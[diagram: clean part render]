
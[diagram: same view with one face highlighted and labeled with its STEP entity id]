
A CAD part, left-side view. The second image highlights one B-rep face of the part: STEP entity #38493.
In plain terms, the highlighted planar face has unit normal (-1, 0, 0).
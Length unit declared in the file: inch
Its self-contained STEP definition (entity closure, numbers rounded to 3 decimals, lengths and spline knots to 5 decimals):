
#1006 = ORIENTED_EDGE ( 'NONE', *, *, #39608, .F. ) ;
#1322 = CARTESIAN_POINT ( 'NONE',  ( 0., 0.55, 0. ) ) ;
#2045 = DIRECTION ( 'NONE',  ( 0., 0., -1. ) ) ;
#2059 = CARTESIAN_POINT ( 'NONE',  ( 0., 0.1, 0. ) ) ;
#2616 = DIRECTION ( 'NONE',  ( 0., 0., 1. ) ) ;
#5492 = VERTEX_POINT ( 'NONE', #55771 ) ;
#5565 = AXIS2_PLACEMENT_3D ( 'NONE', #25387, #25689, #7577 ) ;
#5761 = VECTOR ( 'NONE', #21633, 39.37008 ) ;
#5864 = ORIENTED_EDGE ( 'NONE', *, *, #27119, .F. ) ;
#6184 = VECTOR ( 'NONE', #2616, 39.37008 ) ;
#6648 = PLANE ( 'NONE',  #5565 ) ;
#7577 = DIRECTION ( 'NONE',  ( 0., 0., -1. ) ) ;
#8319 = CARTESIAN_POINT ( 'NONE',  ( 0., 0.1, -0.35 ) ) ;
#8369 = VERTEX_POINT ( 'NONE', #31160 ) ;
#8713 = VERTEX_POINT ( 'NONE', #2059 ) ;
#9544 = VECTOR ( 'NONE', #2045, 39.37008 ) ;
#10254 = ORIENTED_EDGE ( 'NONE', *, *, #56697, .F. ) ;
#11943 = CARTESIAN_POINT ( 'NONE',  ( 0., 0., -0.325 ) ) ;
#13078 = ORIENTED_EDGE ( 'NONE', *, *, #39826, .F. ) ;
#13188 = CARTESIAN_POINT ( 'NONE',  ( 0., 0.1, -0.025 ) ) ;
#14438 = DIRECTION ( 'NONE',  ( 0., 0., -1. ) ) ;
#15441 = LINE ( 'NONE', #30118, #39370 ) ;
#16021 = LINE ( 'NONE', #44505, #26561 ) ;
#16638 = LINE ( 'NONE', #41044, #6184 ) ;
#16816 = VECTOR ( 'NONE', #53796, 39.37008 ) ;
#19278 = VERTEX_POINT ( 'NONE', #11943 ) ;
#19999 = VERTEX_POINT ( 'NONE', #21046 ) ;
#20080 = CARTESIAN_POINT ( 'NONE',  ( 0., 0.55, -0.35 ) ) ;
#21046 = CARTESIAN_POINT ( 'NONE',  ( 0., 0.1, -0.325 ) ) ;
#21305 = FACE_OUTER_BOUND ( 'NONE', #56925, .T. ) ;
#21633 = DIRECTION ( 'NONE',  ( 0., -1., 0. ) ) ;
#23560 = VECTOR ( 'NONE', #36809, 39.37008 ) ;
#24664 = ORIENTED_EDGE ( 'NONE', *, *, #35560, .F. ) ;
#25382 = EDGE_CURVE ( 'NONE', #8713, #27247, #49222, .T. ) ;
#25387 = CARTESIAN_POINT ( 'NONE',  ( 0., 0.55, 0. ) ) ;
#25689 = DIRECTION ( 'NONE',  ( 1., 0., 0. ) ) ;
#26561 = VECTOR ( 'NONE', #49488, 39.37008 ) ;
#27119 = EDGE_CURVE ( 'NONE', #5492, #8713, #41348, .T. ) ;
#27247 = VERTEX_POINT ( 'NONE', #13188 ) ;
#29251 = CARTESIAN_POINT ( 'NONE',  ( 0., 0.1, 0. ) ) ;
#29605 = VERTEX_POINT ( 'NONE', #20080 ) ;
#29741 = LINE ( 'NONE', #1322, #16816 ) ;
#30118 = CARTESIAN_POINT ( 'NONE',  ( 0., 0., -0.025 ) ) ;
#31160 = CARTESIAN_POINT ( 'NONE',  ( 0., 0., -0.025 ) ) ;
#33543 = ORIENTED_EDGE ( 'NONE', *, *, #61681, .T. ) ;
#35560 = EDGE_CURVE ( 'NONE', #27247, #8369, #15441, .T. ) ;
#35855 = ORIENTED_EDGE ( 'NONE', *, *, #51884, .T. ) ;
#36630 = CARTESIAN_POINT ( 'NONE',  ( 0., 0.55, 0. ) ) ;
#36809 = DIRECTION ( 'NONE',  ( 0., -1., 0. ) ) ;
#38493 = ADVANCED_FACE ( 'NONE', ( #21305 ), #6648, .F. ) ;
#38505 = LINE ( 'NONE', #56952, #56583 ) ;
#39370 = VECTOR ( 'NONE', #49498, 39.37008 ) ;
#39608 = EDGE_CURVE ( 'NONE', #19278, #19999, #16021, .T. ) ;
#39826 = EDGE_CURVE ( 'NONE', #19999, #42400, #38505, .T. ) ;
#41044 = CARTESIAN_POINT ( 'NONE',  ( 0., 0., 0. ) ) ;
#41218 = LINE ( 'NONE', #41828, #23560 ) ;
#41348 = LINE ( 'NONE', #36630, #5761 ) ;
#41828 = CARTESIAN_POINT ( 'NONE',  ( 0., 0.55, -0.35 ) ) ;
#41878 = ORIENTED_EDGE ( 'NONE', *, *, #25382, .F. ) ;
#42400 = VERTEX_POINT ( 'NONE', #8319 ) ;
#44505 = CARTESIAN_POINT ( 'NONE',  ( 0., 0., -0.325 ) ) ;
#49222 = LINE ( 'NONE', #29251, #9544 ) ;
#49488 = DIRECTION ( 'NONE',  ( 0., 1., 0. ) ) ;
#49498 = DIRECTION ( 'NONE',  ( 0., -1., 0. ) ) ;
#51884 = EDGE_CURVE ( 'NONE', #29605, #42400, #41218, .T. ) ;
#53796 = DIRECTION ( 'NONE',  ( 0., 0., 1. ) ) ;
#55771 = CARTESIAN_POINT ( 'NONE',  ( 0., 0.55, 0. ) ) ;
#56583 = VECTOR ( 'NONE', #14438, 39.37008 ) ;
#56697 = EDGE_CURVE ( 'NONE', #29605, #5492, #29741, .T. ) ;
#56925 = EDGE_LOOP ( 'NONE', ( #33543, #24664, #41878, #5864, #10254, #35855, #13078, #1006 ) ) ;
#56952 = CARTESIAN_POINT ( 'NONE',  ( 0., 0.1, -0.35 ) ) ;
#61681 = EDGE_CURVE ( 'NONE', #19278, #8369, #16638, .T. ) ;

====

• **Aim of the exercise**: Return, with no change at all, every line in the entries above from the line containing "#8319 = CARTESIAN_POINT" through the line containing "#20080 = CARTESIAN_POINT".

• **Result for this exercise**:
#8319 = CARTESIAN_POINT ( 'NONE',  ( 0., 0.1, -0.35 ) ) ;
#8369 = VERTEX_POINT ( 'NONE', #31160 ) ;
#8713 = VERTEX_POINT ( 'NONE', #2059 ) ;
#9544 = VECTOR ( 'NONE', #2045, 39.37008 ) ;
#10254 = ORIENTED_EDGE ( 'NONE', *, *, #56697, .F. ) ;
#11943 = CARTESIAN_POINT ( 'NONE',  ( 0., 0., -0.325 ) ) ;
#13078 = ORIENTED_EDGE ( 'NONE', *, *, #39826, .F. ) ;
#13188 = CARTESIAN_POINT ( 'NONE',  ( 0., 0.1, -0.025 ) ) ;
#14438 = DIRECTION ( 'NONE',  ( 0., 0., -1. ) ) ;
#15441 = LINE ( 'NONE', #30118, #39370 ) ;
#16021 = LINE ( 'NONE', #44505, #26561 ) ;
#16638 = LINE ( 'NONE', #41044, #6184 ) ;
#16816 = VECTOR ( 'NONE', #53796, 39.37008 ) ;
#19278 = VERTEX_POINT ( 'NONE', #11943 ) ;
#19999 = VERTEX_POINT ( 'NONE', #21046 ) ;
#20080 = CARTESIAN_POINT ( 'NONE',  ( 0., 0.55, -0.35 ) ) ;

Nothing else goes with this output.